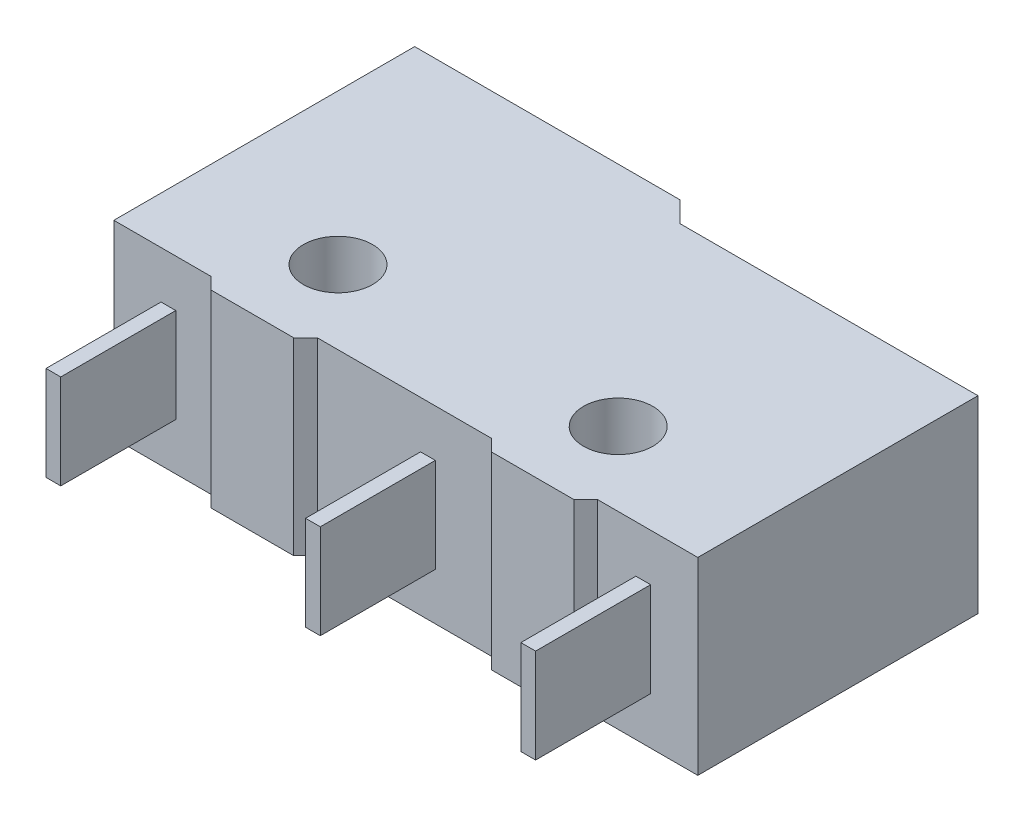
from build123d import *

# Parameters (mm, degrees)
SKETCH2_R                = 1.175
BOSS_EXTRUDE1_DEPTH      = 6.4
BOSS_EXTRUDE2_DEPTH      = 1.6
BOSS_EXTRUDE2_DEPTH_BACK = 1.6
SKETCH4_W                = 0.5
SKETCH4_H                = 3.9
BOSS_EXTRUDE3_DEPTH      = 1.6
BOSS_EXTRUDE3_DEPTH_BACK = 1.6


with BuildPart() as part:
    # Sketch2 → Boss-Extrude1 (new body)
    with BuildSketch(Plane(origin=(0, 0, 0), x_dir=(1, 0, 0), z_dir=(0, 1, 0))):
        Polygon((0, -2.9), (-1.4, -2.9), (-1.8, -2.5), (-5.1, -2.5), (-5.1, 7.7), (3.9, 7.7), (4.6, 7), (14.7, 7), (14.7, -2.5), (11.3, -2.5), (10.9, -2.9), (9.5, -2.9), (8.1, -2.9), (7.7, -2.5), (1.8, -2.5), (1.4, -2.9), align=None)
        Circle(SKETCH2_R, mode=Mode.SUBTRACT)
        with Locations((9.5, 0)):
            Circle(SKETCH2_R, mode=Mode.SUBTRACT)
    extrude(amount=BOSS_EXTRUDE1_DEPTH)

    # Sketch3 → Boss-Extrude2 (add, two sides)
    with BuildSketch(Plane(origin=(0, 3.2, 0), x_dir=(1, 0, 0), z_dir=(0, 1, 0))) as boss_extrude2_sk:
        with BuildLine():
            Line((3, 7.7), (1, 7.7))
            Line((1, 7.7), (1, 7.954))
            add(Edge.make_bspline(
                [(1, 7.954), (2, 9.1224), (3, 7.954)],
                knots=[0, 0, 0, 1, 1, 1], degree=2))
            Line((3, 7.954), (3, 7.7))
        make_face()
    extrude(amount=BOSS_EXTRUDE2_DEPTH)
    extrude(boss_extrude2_sk.sketch, amount=-BOSS_EXTRUDE2_DEPTH_BACK)

    # Sketch4 → Boss-Extrude3 (add, two sides)
    with BuildSketch(Plane(origin=(0, 3.2, 0), x_dir=(1, 0, 0), z_dir=(0, 1, 0))) as boss_extrude3_sk:
        with Locations((-3.25, -4.45)):
            Rectangle(SKETCH4_W, SKETCH4_H)
        with Locations((5.55, -4.45)):
            Rectangle(SKETCH4_W, SKETCH4_H)
        with Locations((12.85, -4.45)):
            Rectangle(SKETCH4_W, SKETCH4_H)
    extrude(amount=BOSS_EXTRUDE3_DEPTH)
    extrude(boss_extrude3_sk.sketch, amount=-BOSS_EXTRUDE3_DEPTH_BACK)


solid = part.part

============

Across the material above, how many lines contain the string "origin"? The reply should be that number alone.

» Result of the task:
3